August 3 2015 Latest news:
By SAM WILLIAMS, Senior business writer
Wednesday, January 12, 2011
Financial advisors at Norwich and Peterborough Building Society could become tied agents for Aviva under proposals between the two firms.
The parties have confirmed they are in “advanced talks” over a deal which would see N&P’s 21 financial advisors sell and advise on Aviva products.
A review at N&P is currently under way, and while a decision is not expected until later in January sources close to the negotiations say approval is likely.
The move comes ahead of changes in financial advice regulation under the government’s Retail Distribution Review (RDR), which is expected to increase the cost and complexity of financial advice provision.
N&P’s financial advisers have come under fire recently after advising thousands of the society’s members to invest a total of £50m in finance firm Keydata, which collapsed in June 2009, which has seen the society face a class action from policyholders and a possible fine by regulator the Financial Services Authority (FSA).

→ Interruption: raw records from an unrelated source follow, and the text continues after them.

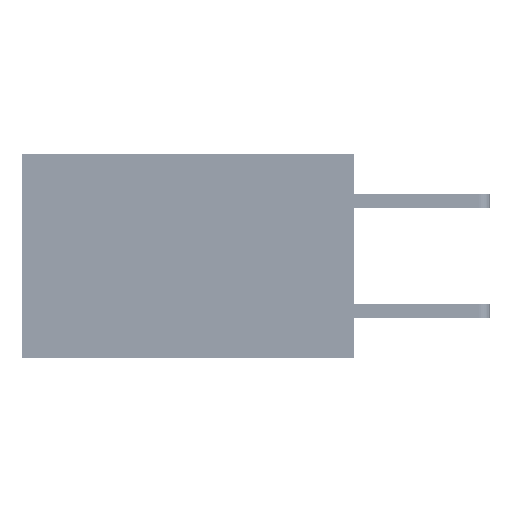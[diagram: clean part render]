
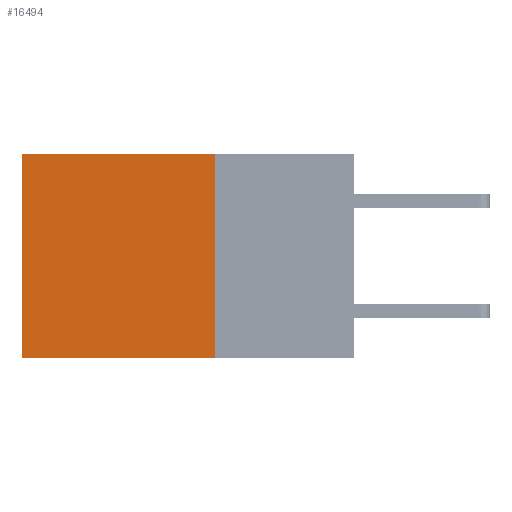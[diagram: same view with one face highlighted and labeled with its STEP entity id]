
A CAD part, left-side view. The second image highlights one B-rep face of the part: STEP entity #16494.
In plain terms, the highlighted planar face has unit normal (-1, 0, 0).
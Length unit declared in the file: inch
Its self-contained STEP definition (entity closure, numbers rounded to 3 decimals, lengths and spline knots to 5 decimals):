
#3005 = ORIENTED_EDGE ( 'NONE', *, *, #4366, .T. ) ;
#4366 = EDGE_CURVE ( 'NONE', #18103, #12536, #16972, .T. ) ;
#11211 = DIRECTION ( 'NONE',  ( 0., 0., -1. ) ) ;
#11676 = CARTESIAN_POINT ( 'NONE',  ( 0.2875, 0.25, 0. ) ) ;
#11979 = CARTESIAN_POINT ( 'NONE',  ( 0.2875, 0.25, 0. ) ) ;
#12536 = VERTEX_POINT ( 'NONE', #39443 ) ;
#13619 = CARTESIAN_POINT ( 'NONE',  ( 0.2875, 0.25, -0.37 ) ) ;
#15189 = VECTOR ( 'NONE', #49860, 39.37008 ) ;
#15402 = EDGE_CURVE ( 'NONE', #49134, #12536, #46377, .T. ) ;
#16148 = VERTEX_POINT ( 'NONE', #11676 ) ;
#16494 = ADVANCED_FACE ( 'NONE', ( #16868 ), #22293, .F. ) ;
#16831 = LINE ( 'NONE', #11979, #49900 ) ;
#16868 = FACE_OUTER_BOUND ( 'NONE', #19360, .T. ) ;
#16972 = LINE ( 'NONE', #23504, #48767 ) ;
#17771 = LINE ( 'NONE', #33202, #15189 ) ;
#18103 = VERTEX_POINT ( 'NONE', #52694 ) ;
#19222 = ORIENTED_EDGE ( 'NONE', *, *, #43152, .F. ) ;
#19360 = EDGE_LOOP ( 'NONE', ( #3005, #46510, #19222, #43479 ) ) ;
#22293 = PLANE ( 'NONE',  #50423 ) ;
#23504 = CARTESIAN_POINT ( 'NONE',  ( 0.2875, 0.6, 0. ) ) ;
#27900 = DIRECTION ( 'NONE',  ( 0., 0., -1. ) ) ;
#29376 = EDGE_CURVE ( 'NONE', #16148, #18103, #17771, .T. ) ;
#31063 = CARTESIAN_POINT ( 'NONE',  ( 0.2875, 0.25, -0.37 ) ) ;
#33202 = CARTESIAN_POINT ( 'NONE',  ( 0.2875, 0.25, 0. ) ) ;
#38452 = DIRECTION ( 'NONE',  ( 1., 0., 0. ) ) ;
#38624 = CARTESIAN_POINT ( 'NONE',  ( 0.2875, 0.25, 0. ) ) ;
#39443 = CARTESIAN_POINT ( 'NONE',  ( 0.2875, 0.6, -0.37 ) ) ;
#43139 = VECTOR ( 'NONE', #47217, 39.37008 ) ;
#43152 = EDGE_CURVE ( 'NONE', #16148, #49134, #16831, .T. ) ;
#43479 = ORIENTED_EDGE ( 'NONE', *, *, #29376, .T. ) ;
#46377 = LINE ( 'NONE', #31063, #43139 ) ;
#46510 = ORIENTED_EDGE ( 'NONE', *, *, #15402, .F. ) ;
#47217 = DIRECTION ( 'NONE',  ( 0., 1., 0. ) ) ;
#48767 = VECTOR ( 'NONE', #11211, 39.37008 ) ;
#49134 = VERTEX_POINT ( 'NONE', #13619 ) ;
#49860 = DIRECTION ( 'NONE',  ( 0., 1., 0. ) ) ;
#49900 = VECTOR ( 'NONE', #27900, 39.37008 ) ;
#50423 = AXIS2_PLACEMENT_3D ( 'NONE', #38624, #38452, #51274 ) ;
#51274 = DIRECTION ( 'NONE',  ( 0., 0., -1. ) ) ;
#52694 = CARTESIAN_POINT ( 'NONE',  ( 0.2875, 0.6, 0. ) ) ;

But the controversy is not believed to be a reason for the move.
Aviva - Norwich’s biggest private sector employer - already has tied financial advisors at number of banks and building societies, including Principality Building Society.
A statement from N&P said: “We are reviewing the provision of independent financial advice in our branches.
“The review, which is due to be completed by the end of January, is being carried out against a backdrop of the FSA’s own industry review into the provision of financial advice for retail investments.
“The retail distribution review is likely to bring about significant changes to the regulatory framework surrounding how financial advice is offered in the near future, including an expected increase in the complexity and cost of providing this advice as a result of the RDR.”
An Aviva spokesman added: “I can confirm Aviva is negotiating with N&P to give the society’s customers financial advice.
“We already have financial advisers with a number of leading banks and building societies. It is a model we know very well which works very well for us and our customers.
“The talks are advanced.”
Earlier in the week N&P chief executive Matthew Bullock, 61, announced his retirement after 12 years when a successor is found.